Devido à minha formação científica em físico-química, os casos com evidências físicas, particularmente aqueles em que evidências residuais são aparentes, são os que mais me atraem. Os mais impressionantes de todos, talvez, têm sido os exemplos clássicos da presença de UFOs e a descoberta direta dos tão chamados “casos de evidências físicas”. Um dos melhores eventos desse tipo é o pouso de um UFO em plena luz do dia perto da cidade de Tully, no norte de Queensland, na Austrália, em 19 de janeiro de 1966. Notavelmente, esse também é um grande exemplo de episódio ufológico com um forte componente psíquico, que surgiu por meio de premonições ou sonhos proféticos.

O interessante Caso Tully

Quando o fazendeiro George Pedley testemunhou um UFO surgindo da direção da Lagoa Horseshoe, por volta das 09h00, na propriedade de seu vizinho e amigo Albert Pennisi, ficou chocado ao saber que este não estava surpreso com a manifestação. Pennisi era agricultor naquela região desde 1947 e conhecia as histórias locais sobre UFOs, e isso o deixava inclinado a acreditar nas observações que o pesquisador Claire Noble fizera nos meses que antecederam o dia 19 de janeiro de 1966. Além disso, o próprio Pennisi andava tendo sonhos relacionados a UFOs — para um fazendeiro rústico, ter aqueles sonhos já era problema suficiente, então ele manteve a informação para si mesmo.

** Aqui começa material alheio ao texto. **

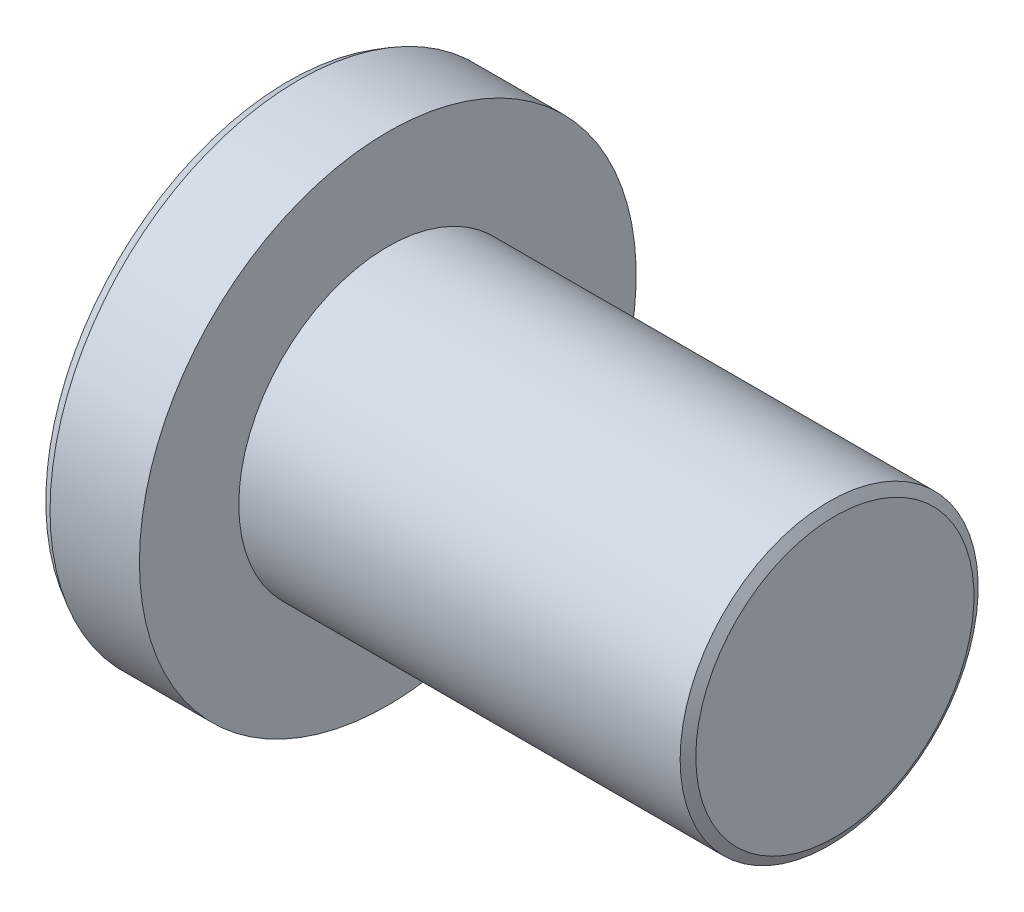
ISO-10303-21;
HEADER;
FILE_DESCRIPTION(('STEP AP214'),'2;1');
FILE_NAME('part.step','',(''),(''),'','','');
FILE_SCHEMA(('AUTOMOTIVE_DESIGN { 1 0 10303 214 1 1 1 1 }'));
ENDSEC;
DATA;
#1=APPLICATION_CONTEXT('core data for automotive mechanical design processes');
#2=APPLICATION_PROTOCOL_DEFINITION('international standard','automotive_design',2000,#1);
#3=PRODUCT_CONTEXT('',#1,'mechanical');
#4=PRODUCT('Part','Part','',(#3));
#5=PRODUCT_RELATED_PRODUCT_CATEGORY('part','',(#4));
#6=PRODUCT_DEFINITION_FORMATION('','',#4);
#7=PRODUCT_DEFINITION_CONTEXT('part definition',#1,'design');
#8=PRODUCT_DEFINITION('design','',#6,#7);
#9=PRODUCT_DEFINITION_SHAPE('','',#8);
#10=(LENGTH_UNIT() NAMED_UNIT(*) SI_UNIT(.MILLI.,.METRE.));
#11=(NAMED_UNIT(*) PLANE_ANGLE_UNIT() SI_UNIT($,.RADIAN.));
#12=(NAMED_UNIT(*) SI_UNIT($,.STERADIAN.) SOLID_ANGLE_UNIT());
#13=UNCERTAINTY_MEASURE_WITH_UNIT(LENGTH_MEASURE(1.E-05),#10,'distance_accuracy_value','');
#14=(GEOMETRIC_REPRESENTATION_CONTEXT(3) GLOBAL_UNCERTAINTY_ASSIGNED_CONTEXT((#13)) GLOBAL_UNIT_ASSIGNED_CONTEXT((#10,
#11,#12)) REPRESENTATION_CONTEXT('',''));
#15=CARTESIAN_POINT('',(0.,0.,0.));
#16=DIRECTION('',(0.,0.,1.));
#17=DIRECTION('',(1.,0.,0.));
#18=AXIS2_PLACEMENT_3D('',#15,#16,#17);
#19=CARTESIAN_POINT('',(55.,15.,0.));
#20=DIRECTION('',(-1.,0.,0.));
#21=DIRECTION('',(0.,0.,1.));
#22=AXIS2_PLACEMENT_3D('',#19,#20,#21);
#23=PLANE('',#22);
#24=CARTESIAN_POINT('',(55.,0.,0.));
#25=DIRECTION('',(-1.,0.,0.));
#26=DIRECTION('',(0.,0.,1.));
#27=AXIS2_PLACEMENT_3D('',#24,#25,#26);
#28=CIRCLE('',#27,14.);
#29=CARTESIAN_POINT('',(55.,0.,14.));
#30=VERTEX_POINT('',#29);
#31=EDGE_CURVE('E39',#30,#30,#28,.F.);
#32=ORIENTED_EDGE('',*,*,#31,.T.);
#33=EDGE_LOOP('',(#32));
#34=FACE_BOUND('',#33,.T.);
#35=ADVANCED_FACE('F29',(#34),#23,.F.);
#36=CARTESIAN_POINT('',(-45.6597764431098,0.,0.));
#37=DIRECTION('',(-1.,0.,0.));
#38=DIRECTION('',(0.,0.,1.));
#39=AXIS2_PLACEMENT_3D('',#36,#37,#38);
#40=CYLINDRICAL_SURFACE('',#39,15.);
#41=CARTESIAN_POINT('',(54.4226497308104,0.,0.));
#42=DIRECTION('',(-1.,0.,0.));
#43=DIRECTION('',(0.,0.,1.));
#44=AXIS2_PLACEMENT_3D('',#41,#42,#43);
#45=CIRCLE('',#44,15.);
#46=CARTESIAN_POINT('',(54.4226497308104,0.,15.));
#47=VERTEX_POINT('',#46);
#48=EDGE_CURVE('E43',#47,#47,#45,.T.);
#49=ORIENTED_EDGE('',*,*,#48,.T.);
#50=EDGE_LOOP('',(#49));
#51=FACE_BOUND('',#50,.T.);
#52=CARTESIAN_POINT('',(10.,0.,0.));
#53=DIRECTION('',(-1.,0.,0.));
#54=DIRECTION('',(0.,0.,1.));
#55=AXIS2_PLACEMENT_3D('',#52,#53,#54);
#56=CIRCLE('',#55,15.);
#57=CARTESIAN_POINT('',(10.,0.,15.));
#58=VERTEX_POINT('',#57);
#59=EDGE_CURVE('E48',#58,#58,#56,.T.);
#60=ORIENTED_EDGE('',*,*,#59,.F.);
#61=EDGE_LOOP('',(#60));
#62=FACE_BOUND('',#61,.T.);
#63=ADVANCED_FACE('F60',(#51,#62),#40,.T.);
#64=CARTESIAN_POINT('',(10.,25.,0.));
#65=DIRECTION('',(-1.,0.,0.));
#66=DIRECTION('',(0.,0.,1.));
#67=AXIS2_PLACEMENT_3D('',#64,#65,#66);
#68=PLANE('',#67);
#69=CARTESIAN_POINT('',(10.,0.,0.));
#70=DIRECTION('',(-1.,0.,0.));
#71=DIRECTION('',(0.,0.,1.));
#72=AXIS2_PLACEMENT_3D('',#69,#70,#71);
#73=CIRCLE('',#72,25.);
#74=CARTESIAN_POINT('',(10.,0.,25.));
#75=VERTEX_POINT('',#74);
#76=EDGE_CURVE('E51',#75,#75,#73,.T.);
#77=ORIENTED_EDGE('',*,*,#76,.F.);
#78=EDGE_LOOP('',(#77));
#79=FACE_BOUND('',#78,.T.);
#80=ORIENTED_EDGE('',*,*,#59,.T.);
#81=EDGE_LOOP('',(#80));
#82=FACE_BOUND('',#81,.T.);
#83=ADVANCED_FACE('F57',(#79,#82),#68,.F.);
#84=CARTESIAN_POINT('',(-45.6597764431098,0.,0.));
#85=DIRECTION('',(-1.,0.,0.));
#86=DIRECTION('',(0.,0.,1.));
#87=AXIS2_PLACEMENT_3D('',#84,#85,#86);
#88=CYLINDRICAL_SURFACE('',#87,25.);
#89=CARTESIAN_POINT('',(0.999999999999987,0.,0.));
#90=DIRECTION('',(1.,0.,0.));
#91=DIRECTION('',(0.,0.,-1.));
#92=AXIS2_PLACEMENT_3D('',#89,#90,#91);
#93=CIRCLE('',#92,25.);
#94=CARTESIAN_POINT('',(0.999999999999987,0.,-25.));
#95=VERTEX_POINT('',#94);
#96=EDGE_CURVE('E10',#95,#95,#93,.T.);
#97=ORIENTED_EDGE('',*,*,#96,.T.);
#98=EDGE_LOOP('',(#97));
#99=FACE_BOUND('',#98,.T.);
#100=ORIENTED_EDGE('',*,*,#76,.T.);
#101=EDGE_LOOP('',(#100));
#102=FACE_BOUND('',#101,.T.);
#103=ADVANCED_FACE('F55',(#99,#102),#88,.T.);
#104=CARTESIAN_POINT('',(0.,0.,0.));
#105=DIRECTION('',(1.,0.,0.));
#106=DIRECTION('',(0.,0.,-1.));
#107=AXIS2_PLACEMENT_3D('',#104,#105,#106);
#108=PLANE('',#107);
#109=CARTESIAN_POINT('',(0.,0.,0.));
#110=DIRECTION('',(1.,0.,0.));
#111=DIRECTION('',(0.,0.,-1.));
#112=AXIS2_PLACEMENT_3D('',#109,#110,#111);
#113=CIRCLE('',#112,24.4226497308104);
#114=CARTESIAN_POINT('',(0.,0.,-24.4226497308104));
#115=VERTEX_POINT('',#114);
#116=EDGE_CURVE('E35',#115,#115,#113,.F.);
#117=ORIENTED_EDGE('',*,*,#116,.T.);
#118=EDGE_LOOP('',(#117));
#119=FACE_BOUND('',#118,.T.);
#120=ADVANCED_FACE('F73',(#119),#108,.F.);
#121=CARTESIAN_POINT('',(54.4226497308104,0.,0.));
#122=DIRECTION('',(-1.,0.,0.));
#123=DIRECTION('',(0.,0.,1.));
#124=AXIS2_PLACEMENT_3D('',#121,#122,#123);
#125=CONICAL_SURFACE('',#124,15.,1.04719755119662);
#126=ORIENTED_EDGE('',*,*,#31,.F.);
#127=EDGE_LOOP('',(#126));
#128=FACE_BOUND('',#127,.T.);
#129=ORIENTED_EDGE('',*,*,#48,.F.);
#130=EDGE_LOOP('',(#129));
#131=FACE_BOUND('',#130,.T.);
#132=ADVANCED_FACE('F76',(#128,#131),#125,.T.);
#133=CARTESIAN_POINT('',(0.,0.,0.));
#134=DIRECTION('',(1.,0.,0.));
#135=DIRECTION('',(0.,0.,-1.));
#136=AXIS2_PLACEMENT_3D('',#133,#134,#135);
#137=CONICAL_SURFACE('',#136,24.4226497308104,0.523598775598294);
#138=ORIENTED_EDGE('',*,*,#96,.F.);
#139=EDGE_LOOP('',(#138));
#140=FACE_BOUND('',#139,.T.);
#141=ORIENTED_EDGE('',*,*,#116,.F.);
#142=EDGE_LOOP('',(#141));
#143=FACE_BOUND('',#142,.T.);
#144=ADVANCED_FACE('F79',(#140,#143),#137,.T.);
#145=CLOSED_SHELL('',(#35,#63,#83,#103,#120,#132,#144));
#146=MANIFOLD_SOLID_BREP('B2',#145);
#147=ADVANCED_BREP_SHAPE_REPRESENTATION('',(#18,#146),#14);
#148=SHAPE_DEFINITION_REPRESENTATION(#9,#147);
ENDSEC;
END-ISO-10303-21;

George Pedley era conhecido por ser um sujeito tranquilo e bom trabalhador. Nenhum dos moradores tinha nada contra ele, mesmo aqueles que não acreditam em seu avistamento. Ele disse aos jornalistas: “Se alguém tivesse me perguntado há cinco dias se eu acreditava em discos voadores, eu teria rido e pensado que isso é loucura. Mas agora eu sei a verdade”.